* [RECORDED DATA]
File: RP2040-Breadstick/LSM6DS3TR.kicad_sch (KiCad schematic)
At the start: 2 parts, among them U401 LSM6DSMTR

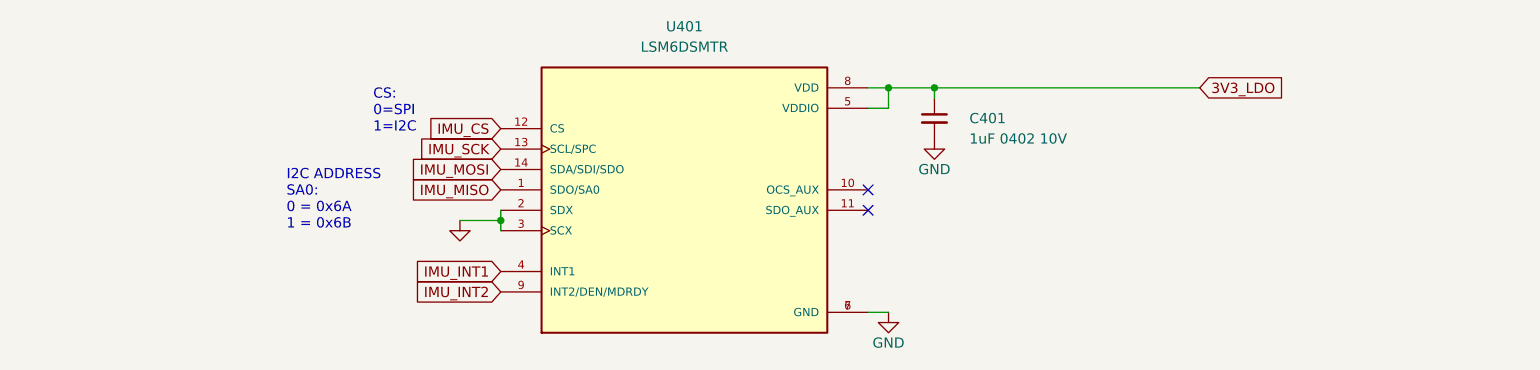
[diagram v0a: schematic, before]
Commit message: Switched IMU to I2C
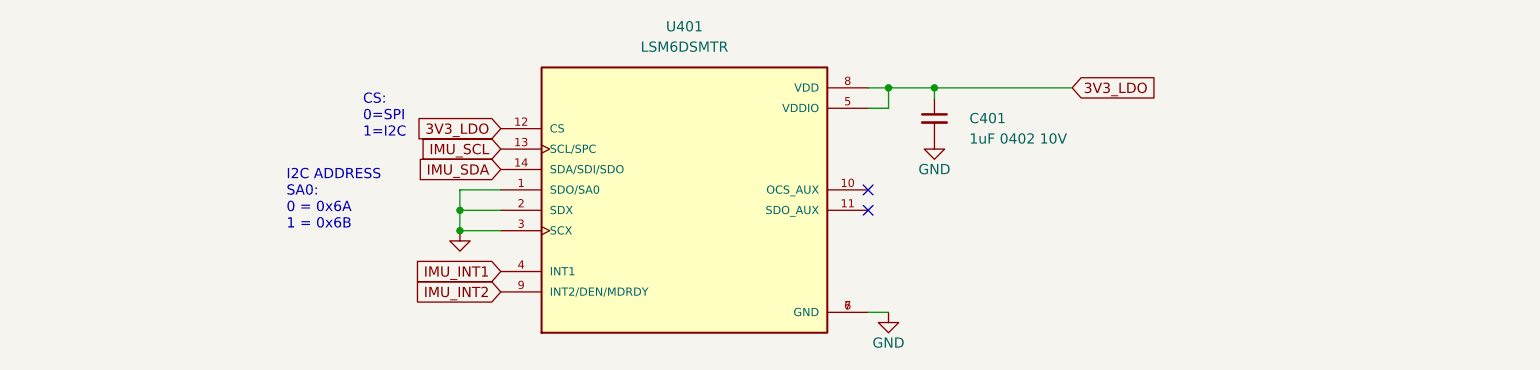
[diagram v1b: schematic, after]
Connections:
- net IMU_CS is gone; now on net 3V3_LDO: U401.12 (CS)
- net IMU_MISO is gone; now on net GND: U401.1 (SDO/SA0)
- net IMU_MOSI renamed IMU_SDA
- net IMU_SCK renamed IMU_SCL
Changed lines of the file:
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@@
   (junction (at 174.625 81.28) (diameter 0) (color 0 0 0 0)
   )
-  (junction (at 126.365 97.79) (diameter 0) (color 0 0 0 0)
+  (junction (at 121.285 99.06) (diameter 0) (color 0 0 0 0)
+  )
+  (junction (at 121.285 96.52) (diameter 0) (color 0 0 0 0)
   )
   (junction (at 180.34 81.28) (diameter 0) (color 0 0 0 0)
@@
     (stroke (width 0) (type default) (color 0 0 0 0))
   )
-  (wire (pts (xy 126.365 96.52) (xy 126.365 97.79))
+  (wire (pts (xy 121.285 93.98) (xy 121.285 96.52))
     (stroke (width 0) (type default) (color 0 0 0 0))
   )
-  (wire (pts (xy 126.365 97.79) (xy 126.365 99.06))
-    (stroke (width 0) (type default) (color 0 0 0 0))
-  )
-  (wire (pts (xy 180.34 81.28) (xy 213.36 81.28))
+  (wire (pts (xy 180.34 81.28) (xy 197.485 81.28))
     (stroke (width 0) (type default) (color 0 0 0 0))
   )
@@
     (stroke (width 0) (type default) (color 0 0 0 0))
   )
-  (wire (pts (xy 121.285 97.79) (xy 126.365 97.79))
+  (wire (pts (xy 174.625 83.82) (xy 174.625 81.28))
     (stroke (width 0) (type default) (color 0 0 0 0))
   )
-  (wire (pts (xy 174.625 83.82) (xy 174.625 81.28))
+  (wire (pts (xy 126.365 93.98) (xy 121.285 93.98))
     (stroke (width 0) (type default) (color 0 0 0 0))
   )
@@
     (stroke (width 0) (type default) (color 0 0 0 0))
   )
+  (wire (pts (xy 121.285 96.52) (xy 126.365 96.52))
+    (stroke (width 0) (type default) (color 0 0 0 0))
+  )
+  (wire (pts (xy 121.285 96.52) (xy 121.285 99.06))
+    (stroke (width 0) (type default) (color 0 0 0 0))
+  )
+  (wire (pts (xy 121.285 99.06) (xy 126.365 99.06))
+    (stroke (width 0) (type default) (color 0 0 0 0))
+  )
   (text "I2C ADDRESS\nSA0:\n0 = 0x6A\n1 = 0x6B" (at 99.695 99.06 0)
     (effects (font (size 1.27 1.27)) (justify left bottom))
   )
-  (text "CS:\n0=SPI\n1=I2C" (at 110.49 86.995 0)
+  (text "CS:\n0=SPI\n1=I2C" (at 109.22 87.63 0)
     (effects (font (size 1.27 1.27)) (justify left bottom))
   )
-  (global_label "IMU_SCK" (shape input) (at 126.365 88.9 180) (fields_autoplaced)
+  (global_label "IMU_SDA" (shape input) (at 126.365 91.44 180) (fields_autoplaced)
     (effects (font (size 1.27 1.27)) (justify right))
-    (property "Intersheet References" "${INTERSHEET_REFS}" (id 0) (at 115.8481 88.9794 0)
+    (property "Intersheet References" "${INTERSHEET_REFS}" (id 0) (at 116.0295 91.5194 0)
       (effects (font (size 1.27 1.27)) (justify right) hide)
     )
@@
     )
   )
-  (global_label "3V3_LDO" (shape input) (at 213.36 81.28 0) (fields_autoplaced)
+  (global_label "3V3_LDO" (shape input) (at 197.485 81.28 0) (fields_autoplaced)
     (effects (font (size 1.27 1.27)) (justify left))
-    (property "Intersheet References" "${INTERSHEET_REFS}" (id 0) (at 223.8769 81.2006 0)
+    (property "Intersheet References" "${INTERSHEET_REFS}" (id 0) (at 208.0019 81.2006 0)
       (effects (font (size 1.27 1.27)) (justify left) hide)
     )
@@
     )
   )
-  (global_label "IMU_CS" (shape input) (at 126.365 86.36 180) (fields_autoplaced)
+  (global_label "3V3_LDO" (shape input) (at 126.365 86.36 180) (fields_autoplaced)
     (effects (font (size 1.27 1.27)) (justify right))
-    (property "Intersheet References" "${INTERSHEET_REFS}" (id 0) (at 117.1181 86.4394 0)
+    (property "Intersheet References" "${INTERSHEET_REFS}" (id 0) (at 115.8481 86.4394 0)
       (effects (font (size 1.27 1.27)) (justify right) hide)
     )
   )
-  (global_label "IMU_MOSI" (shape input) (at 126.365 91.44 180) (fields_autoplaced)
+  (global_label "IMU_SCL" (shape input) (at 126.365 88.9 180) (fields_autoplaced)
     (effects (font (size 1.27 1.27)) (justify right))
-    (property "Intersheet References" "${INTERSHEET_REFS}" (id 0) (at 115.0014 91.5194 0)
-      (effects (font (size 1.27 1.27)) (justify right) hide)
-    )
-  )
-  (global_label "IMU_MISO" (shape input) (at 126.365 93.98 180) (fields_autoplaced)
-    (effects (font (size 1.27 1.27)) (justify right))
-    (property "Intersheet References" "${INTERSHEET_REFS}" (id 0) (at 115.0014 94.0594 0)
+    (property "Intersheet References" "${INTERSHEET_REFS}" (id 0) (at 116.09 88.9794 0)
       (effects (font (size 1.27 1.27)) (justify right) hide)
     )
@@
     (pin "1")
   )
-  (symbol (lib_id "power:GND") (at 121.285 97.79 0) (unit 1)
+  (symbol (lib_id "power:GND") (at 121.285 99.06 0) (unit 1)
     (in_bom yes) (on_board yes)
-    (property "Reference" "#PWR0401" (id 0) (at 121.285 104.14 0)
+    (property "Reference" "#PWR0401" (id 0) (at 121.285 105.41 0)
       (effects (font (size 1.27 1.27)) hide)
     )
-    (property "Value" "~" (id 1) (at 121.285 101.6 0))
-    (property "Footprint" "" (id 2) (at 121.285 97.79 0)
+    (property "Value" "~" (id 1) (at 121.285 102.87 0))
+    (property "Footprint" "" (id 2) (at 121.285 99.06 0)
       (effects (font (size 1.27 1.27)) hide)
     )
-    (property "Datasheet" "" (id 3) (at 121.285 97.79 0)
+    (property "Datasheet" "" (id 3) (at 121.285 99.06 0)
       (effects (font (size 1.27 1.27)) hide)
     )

* [PROBLEM DETAILS] Answer with nothing but the count of lines in the entries that hold the word "power".

* [WORKED SOLUTION] 2